◆ **AVAILABLE RECORDS**:

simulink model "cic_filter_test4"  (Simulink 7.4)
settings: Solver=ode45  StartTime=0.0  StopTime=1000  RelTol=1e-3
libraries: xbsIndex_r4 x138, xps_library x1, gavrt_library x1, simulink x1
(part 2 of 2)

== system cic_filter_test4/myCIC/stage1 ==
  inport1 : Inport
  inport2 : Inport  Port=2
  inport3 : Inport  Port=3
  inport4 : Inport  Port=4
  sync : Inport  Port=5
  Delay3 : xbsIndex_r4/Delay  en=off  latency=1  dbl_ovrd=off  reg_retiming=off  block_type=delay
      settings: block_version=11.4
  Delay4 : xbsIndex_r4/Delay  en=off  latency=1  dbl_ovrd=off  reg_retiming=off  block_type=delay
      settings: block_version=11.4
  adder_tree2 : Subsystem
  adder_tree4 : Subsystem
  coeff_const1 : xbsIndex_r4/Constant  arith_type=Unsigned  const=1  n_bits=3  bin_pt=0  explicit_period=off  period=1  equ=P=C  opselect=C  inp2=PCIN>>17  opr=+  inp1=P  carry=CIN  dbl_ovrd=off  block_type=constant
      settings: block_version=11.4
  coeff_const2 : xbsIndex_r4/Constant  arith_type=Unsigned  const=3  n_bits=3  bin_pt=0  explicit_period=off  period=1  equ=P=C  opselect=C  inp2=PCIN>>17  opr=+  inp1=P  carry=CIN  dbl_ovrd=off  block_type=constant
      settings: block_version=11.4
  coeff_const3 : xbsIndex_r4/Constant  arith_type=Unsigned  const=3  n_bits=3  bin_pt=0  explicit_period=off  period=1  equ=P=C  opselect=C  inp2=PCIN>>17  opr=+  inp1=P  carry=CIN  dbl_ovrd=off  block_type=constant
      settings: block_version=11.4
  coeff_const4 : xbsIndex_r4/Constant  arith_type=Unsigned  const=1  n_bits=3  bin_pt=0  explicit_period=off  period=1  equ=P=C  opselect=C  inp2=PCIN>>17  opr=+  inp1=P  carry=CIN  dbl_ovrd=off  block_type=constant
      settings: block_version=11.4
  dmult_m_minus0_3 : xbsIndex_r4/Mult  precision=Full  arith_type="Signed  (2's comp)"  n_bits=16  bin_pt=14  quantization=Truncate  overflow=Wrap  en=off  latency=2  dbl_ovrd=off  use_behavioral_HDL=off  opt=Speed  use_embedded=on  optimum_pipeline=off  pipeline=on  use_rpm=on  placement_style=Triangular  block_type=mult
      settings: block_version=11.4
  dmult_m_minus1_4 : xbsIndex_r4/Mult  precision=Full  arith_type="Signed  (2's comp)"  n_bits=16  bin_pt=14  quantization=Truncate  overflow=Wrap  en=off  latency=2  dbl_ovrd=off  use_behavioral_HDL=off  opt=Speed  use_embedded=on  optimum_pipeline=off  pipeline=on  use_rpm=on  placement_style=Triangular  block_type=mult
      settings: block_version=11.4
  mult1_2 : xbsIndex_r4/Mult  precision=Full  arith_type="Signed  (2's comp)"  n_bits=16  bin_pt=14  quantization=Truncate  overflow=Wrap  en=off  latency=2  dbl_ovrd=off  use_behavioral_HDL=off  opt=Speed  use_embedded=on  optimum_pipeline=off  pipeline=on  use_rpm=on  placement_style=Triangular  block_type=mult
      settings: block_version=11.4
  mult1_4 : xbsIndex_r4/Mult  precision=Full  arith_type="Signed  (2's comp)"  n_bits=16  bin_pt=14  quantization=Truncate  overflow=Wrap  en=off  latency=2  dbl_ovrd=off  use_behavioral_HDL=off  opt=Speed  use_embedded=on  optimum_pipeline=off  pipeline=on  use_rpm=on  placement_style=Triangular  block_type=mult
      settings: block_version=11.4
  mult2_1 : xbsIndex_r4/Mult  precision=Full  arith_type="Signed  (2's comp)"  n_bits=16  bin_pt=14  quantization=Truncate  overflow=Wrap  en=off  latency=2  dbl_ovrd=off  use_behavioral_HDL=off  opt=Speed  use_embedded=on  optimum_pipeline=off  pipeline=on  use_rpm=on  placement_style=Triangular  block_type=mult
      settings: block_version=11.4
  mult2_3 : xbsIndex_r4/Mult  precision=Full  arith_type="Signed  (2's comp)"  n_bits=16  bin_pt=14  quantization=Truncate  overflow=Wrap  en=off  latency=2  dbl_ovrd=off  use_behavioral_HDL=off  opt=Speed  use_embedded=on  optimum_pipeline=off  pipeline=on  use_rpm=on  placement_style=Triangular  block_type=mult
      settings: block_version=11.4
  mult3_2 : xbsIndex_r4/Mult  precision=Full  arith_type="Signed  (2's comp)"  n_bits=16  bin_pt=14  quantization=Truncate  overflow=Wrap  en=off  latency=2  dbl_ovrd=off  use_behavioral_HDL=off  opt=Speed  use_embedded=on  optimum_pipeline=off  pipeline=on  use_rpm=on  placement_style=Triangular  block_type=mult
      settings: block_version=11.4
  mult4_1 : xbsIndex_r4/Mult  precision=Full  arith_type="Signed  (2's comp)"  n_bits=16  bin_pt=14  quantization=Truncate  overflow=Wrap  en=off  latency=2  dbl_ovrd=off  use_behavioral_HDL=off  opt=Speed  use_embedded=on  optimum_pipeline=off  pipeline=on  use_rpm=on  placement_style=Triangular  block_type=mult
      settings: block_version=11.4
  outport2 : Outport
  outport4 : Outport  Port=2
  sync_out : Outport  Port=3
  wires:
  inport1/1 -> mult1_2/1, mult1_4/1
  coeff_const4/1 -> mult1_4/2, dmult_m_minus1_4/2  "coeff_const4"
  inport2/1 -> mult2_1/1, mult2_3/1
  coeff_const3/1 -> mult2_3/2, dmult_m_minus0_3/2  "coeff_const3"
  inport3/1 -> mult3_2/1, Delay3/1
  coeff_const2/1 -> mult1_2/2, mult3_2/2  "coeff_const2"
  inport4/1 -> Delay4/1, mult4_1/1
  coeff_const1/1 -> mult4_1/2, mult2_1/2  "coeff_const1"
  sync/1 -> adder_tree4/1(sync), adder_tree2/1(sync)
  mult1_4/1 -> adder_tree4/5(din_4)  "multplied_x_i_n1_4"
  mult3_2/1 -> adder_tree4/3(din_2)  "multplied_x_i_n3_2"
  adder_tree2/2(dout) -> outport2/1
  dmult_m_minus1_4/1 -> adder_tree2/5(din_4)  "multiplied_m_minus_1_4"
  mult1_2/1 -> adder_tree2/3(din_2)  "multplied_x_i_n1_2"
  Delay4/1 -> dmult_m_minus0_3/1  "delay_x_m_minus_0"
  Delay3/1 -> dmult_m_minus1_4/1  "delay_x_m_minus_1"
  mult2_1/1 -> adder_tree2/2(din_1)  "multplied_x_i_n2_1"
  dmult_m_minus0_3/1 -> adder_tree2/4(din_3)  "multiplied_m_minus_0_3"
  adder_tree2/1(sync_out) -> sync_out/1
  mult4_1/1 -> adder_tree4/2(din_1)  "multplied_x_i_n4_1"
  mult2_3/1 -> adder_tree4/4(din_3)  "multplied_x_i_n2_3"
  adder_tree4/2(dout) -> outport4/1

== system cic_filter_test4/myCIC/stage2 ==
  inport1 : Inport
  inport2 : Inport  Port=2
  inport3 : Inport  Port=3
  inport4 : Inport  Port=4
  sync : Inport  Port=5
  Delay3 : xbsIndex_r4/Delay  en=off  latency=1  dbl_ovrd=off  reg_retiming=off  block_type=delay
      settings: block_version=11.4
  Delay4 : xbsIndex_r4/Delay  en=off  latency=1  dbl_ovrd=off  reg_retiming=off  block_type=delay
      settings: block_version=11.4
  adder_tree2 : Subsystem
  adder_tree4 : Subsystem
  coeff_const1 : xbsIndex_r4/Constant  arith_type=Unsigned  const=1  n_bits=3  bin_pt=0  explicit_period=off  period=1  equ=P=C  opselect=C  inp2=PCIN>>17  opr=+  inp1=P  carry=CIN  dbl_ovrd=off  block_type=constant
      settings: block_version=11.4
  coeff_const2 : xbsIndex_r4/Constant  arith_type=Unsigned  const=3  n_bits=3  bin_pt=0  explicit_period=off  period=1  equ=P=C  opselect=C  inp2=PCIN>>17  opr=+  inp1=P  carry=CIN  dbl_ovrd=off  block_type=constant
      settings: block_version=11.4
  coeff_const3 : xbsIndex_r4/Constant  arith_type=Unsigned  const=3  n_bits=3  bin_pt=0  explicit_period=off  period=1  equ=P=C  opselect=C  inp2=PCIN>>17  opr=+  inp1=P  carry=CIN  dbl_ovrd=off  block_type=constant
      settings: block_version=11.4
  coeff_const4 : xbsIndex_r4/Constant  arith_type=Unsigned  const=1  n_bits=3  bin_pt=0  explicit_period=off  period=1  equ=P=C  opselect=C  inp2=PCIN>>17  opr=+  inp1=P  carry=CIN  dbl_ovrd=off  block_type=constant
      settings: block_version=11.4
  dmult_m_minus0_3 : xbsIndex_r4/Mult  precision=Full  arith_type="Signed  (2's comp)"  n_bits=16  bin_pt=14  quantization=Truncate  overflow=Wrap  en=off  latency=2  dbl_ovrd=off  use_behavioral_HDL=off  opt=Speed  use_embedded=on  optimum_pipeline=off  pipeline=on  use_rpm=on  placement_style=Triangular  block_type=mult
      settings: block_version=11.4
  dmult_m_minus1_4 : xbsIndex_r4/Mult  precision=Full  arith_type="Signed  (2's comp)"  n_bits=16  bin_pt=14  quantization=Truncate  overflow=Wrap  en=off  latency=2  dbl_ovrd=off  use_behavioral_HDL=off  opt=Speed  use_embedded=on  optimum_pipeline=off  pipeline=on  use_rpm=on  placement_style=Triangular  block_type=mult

◆ **WORK INSTRUCTION**: Only the lines from the one containing "inport2/1 -> mult2_1/1, mult2_3/1" through the one containing "mult2_1/1 -> adder_tree2/2(din_1)" are to be retyped, both boundary lines included, with no other material.

◆ **EXERCISE RESPONSE**:
  inport2/1 -> mult2_1/1, mult2_3/1
  coeff_const3/1 -> mult2_3/2, dmult_m_minus0_3/2  "coeff_const3"
  inport3/1 -> mult3_2/1, Delay3/1
  coeff_const2/1 -> mult1_2/2, mult3_2/2  "coeff_const2"
  inport4/1 -> Delay4/1, mult4_1/1
  coeff_const1/1 -> mult4_1/2, mult2_1/2  "coeff_const1"
  sync/1 -> adder_tree4/1(sync), adder_tree2/1(sync)
  mult1_4/1 -> adder_tree4/5(din_4)  "multplied_x_i_n1_4"
  mult3_2/1 -> adder_tree4/3(din_2)  "multplied_x_i_n3_2"
  adder_tree2/2(dout) -> outport2/1
  dmult_m_minus1_4/1 -> adder_tree2/5(din_4)  "multiplied_m_minus_1_4"
  mult1_2/1 -> adder_tree2/3(din_2)  "multplied_x_i_n1_2"
  Delay4/1 -> dmult_m_minus0_3/1  "delay_x_m_minus_0"
  Delay3/1 -> dmult_m_minus1_4/1  "delay_x_m_minus_1"
  mult2_1/1 -> adder_tree2/2(din_1)  "multplied_x_i_n2_1"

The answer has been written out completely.